In the construction of a helicopter as a vibrating device, another of the many problems is the surface tension dispersing along the fuselage of the helicopter, which is often proportional to the vibration amplitudes. Amplitudes of vibrational displacements can be used to estimate stresses in the structural materials of antenna systems, considering their stiffness [2,3,14,15].

In the general case, these vibrations can be expressed in a Fourier series as a sum of harmonic oscillations with frequencies that are multiples of the fundamental found frequency, which depends on the parameters of the helicopter—the number of rotor blades, and the number of the helicopter engines (Equation (7)) [9,10].

$$S=\sum _{i=1}^{\infty }{S}_{ai}\mathrm{c}\mathrm{o}\mathrm{s}(\overline{\omega }t+{\beta }_i)$$

(7)

where

S is the vibrational shift;

S_ai is the amplitude of the vibrational shift from the i-th system of the helicopter, causing the vibration;

β_i is the phase shift angle of the i-th harmonic component;

$\overline{\omega }$ is the angular frequency of the vibrations;

t is the time.

Creating a realistic idea of poly-harmonic oscillations is necessary to know the vibration displacement amplitude, angular frequency and phase displacement angle for each of the vibration components from the systems producing the vibrations on the helicopter. Many difficulties and design failures can be avoided by identifying and quantifying the two main parameters—the amplitude and frequency of vibration displacement on the helicopter. It goes without saying that only mechanically and structurally approved and undamaged components (in our case, tested antenna elements), correctly and appropriately placed on the surface of the helicopter, are taken into account during the analysis [2,3,14,15].

However, during the operation of the helicopter, due to manufacturing and installation errors (for example, the weight imbalance of the rotor blades, aerodynamic difference of the rotor blades, and uneven rotation of the rotors), the discrete lines of the spectrum of polyharmonic oscillations are detuned. As a result, the real spectrum is not linear but quasi-poly-harmonic, which is described by the following Equation (8):

$$S\left(t\right)=\sum _{i=1}^n{S}_{ai}\left(t\right)\cos \left(i{\omega }_{1}t+{\beta }_i\left(t\right)\right)+S_{\xi }\left(t\right)$$

(8)

where

iω₁ is the average frequency of the narrowband vibration process of the systems of the helicopter, causing the vibration;

S_ai is the amplitude of the vibrational shift from the i-th system of the helicopter, causing the vibration;

β_i (t) is the random and slowly varying phase shift angle of the i-th harmonic component;

S_ξ (t) is the noise component of the vibration signal originating from the systems of the helicopter, causing the vibration.

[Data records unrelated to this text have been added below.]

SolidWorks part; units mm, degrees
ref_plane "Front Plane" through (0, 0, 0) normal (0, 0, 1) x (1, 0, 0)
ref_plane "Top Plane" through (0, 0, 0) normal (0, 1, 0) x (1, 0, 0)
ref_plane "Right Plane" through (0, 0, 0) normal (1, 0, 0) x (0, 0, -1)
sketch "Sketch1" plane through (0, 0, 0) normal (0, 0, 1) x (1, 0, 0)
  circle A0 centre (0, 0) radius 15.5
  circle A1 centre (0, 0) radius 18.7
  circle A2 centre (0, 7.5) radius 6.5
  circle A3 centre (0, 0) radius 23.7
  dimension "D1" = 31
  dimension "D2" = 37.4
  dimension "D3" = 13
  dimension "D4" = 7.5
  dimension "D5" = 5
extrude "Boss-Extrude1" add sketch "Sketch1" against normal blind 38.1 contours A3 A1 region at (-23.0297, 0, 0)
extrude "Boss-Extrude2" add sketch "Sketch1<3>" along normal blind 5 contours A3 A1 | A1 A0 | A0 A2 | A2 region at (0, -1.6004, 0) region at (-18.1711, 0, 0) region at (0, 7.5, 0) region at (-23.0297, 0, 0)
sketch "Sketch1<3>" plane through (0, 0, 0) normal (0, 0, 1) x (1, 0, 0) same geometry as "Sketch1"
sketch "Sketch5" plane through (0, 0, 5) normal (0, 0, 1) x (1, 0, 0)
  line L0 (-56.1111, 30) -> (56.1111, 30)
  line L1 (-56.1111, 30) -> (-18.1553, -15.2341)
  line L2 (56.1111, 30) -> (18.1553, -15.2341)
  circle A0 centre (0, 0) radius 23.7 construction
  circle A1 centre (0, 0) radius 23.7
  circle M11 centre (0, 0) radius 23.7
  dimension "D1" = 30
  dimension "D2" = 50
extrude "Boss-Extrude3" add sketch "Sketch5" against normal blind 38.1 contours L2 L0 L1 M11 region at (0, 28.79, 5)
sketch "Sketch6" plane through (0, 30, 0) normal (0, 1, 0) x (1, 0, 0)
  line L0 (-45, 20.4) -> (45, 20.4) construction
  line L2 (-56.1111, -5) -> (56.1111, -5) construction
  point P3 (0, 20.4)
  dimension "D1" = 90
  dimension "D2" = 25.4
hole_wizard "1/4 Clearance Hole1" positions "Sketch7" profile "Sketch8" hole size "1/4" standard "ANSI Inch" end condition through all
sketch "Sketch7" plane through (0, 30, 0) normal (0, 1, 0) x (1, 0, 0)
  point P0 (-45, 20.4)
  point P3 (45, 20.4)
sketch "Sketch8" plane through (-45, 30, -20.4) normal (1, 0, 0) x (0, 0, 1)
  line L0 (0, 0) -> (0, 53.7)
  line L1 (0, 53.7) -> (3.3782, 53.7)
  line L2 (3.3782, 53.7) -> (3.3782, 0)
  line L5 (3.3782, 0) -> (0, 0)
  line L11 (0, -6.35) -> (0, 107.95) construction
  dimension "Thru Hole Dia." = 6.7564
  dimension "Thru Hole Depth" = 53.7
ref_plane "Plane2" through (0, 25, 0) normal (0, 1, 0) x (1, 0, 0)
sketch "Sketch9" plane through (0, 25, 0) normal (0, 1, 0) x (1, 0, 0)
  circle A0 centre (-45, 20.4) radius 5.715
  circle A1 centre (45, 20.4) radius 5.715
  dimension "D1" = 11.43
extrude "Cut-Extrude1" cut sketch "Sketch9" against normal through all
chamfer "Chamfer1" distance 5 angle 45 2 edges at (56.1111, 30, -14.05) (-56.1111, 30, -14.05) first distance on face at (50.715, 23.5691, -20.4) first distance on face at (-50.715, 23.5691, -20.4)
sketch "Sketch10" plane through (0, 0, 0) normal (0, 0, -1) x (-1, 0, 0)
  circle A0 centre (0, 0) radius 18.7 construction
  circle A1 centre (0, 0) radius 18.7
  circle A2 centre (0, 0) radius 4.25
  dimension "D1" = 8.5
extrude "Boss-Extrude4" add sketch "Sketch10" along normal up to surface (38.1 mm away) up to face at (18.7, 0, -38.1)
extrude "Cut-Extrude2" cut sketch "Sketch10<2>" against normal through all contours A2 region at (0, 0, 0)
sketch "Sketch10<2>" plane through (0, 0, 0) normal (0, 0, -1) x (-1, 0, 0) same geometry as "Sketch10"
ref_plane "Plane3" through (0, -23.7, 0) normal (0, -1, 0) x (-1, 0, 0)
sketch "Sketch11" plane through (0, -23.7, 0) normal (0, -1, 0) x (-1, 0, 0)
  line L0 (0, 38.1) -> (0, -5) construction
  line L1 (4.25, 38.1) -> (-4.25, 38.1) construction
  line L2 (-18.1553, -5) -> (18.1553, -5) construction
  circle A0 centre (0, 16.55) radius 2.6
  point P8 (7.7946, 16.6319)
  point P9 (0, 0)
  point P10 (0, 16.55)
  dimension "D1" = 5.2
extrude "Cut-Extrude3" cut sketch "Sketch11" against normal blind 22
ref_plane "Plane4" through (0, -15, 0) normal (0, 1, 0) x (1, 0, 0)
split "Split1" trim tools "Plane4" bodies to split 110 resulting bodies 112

In the case of the presented research and the solved hypothesis, the attention is focused primarily on difficulties and structural failures, and the breakage of the antenna elements of the radio communication systems of the helicopter (Figure 2), caused by vibrations.

As shown during the acoustic measurements of mechanical vibrations, and as will be described in detail, during the transmission of radio communication antennas, additional vibrations are created caused by the very transmission of the voice radio communication message through the antenna. This supplementary vibration has the same negative impact on the construction of the antenna system as the already-known mechanical vibrations do [18].

One reason for breaking the radio communication system’s antenna element is the addition of other onboard systems with close frequencies, which creates oscillations in the form of nomenclature beats. As will be analysed in the article, these blows can cause an impact force factor, which breaks the disturbed or otherwise damaged component (in the presented case, the antenna element) at the weakest point, as shown in the figures (Figure 2 and Figure 3).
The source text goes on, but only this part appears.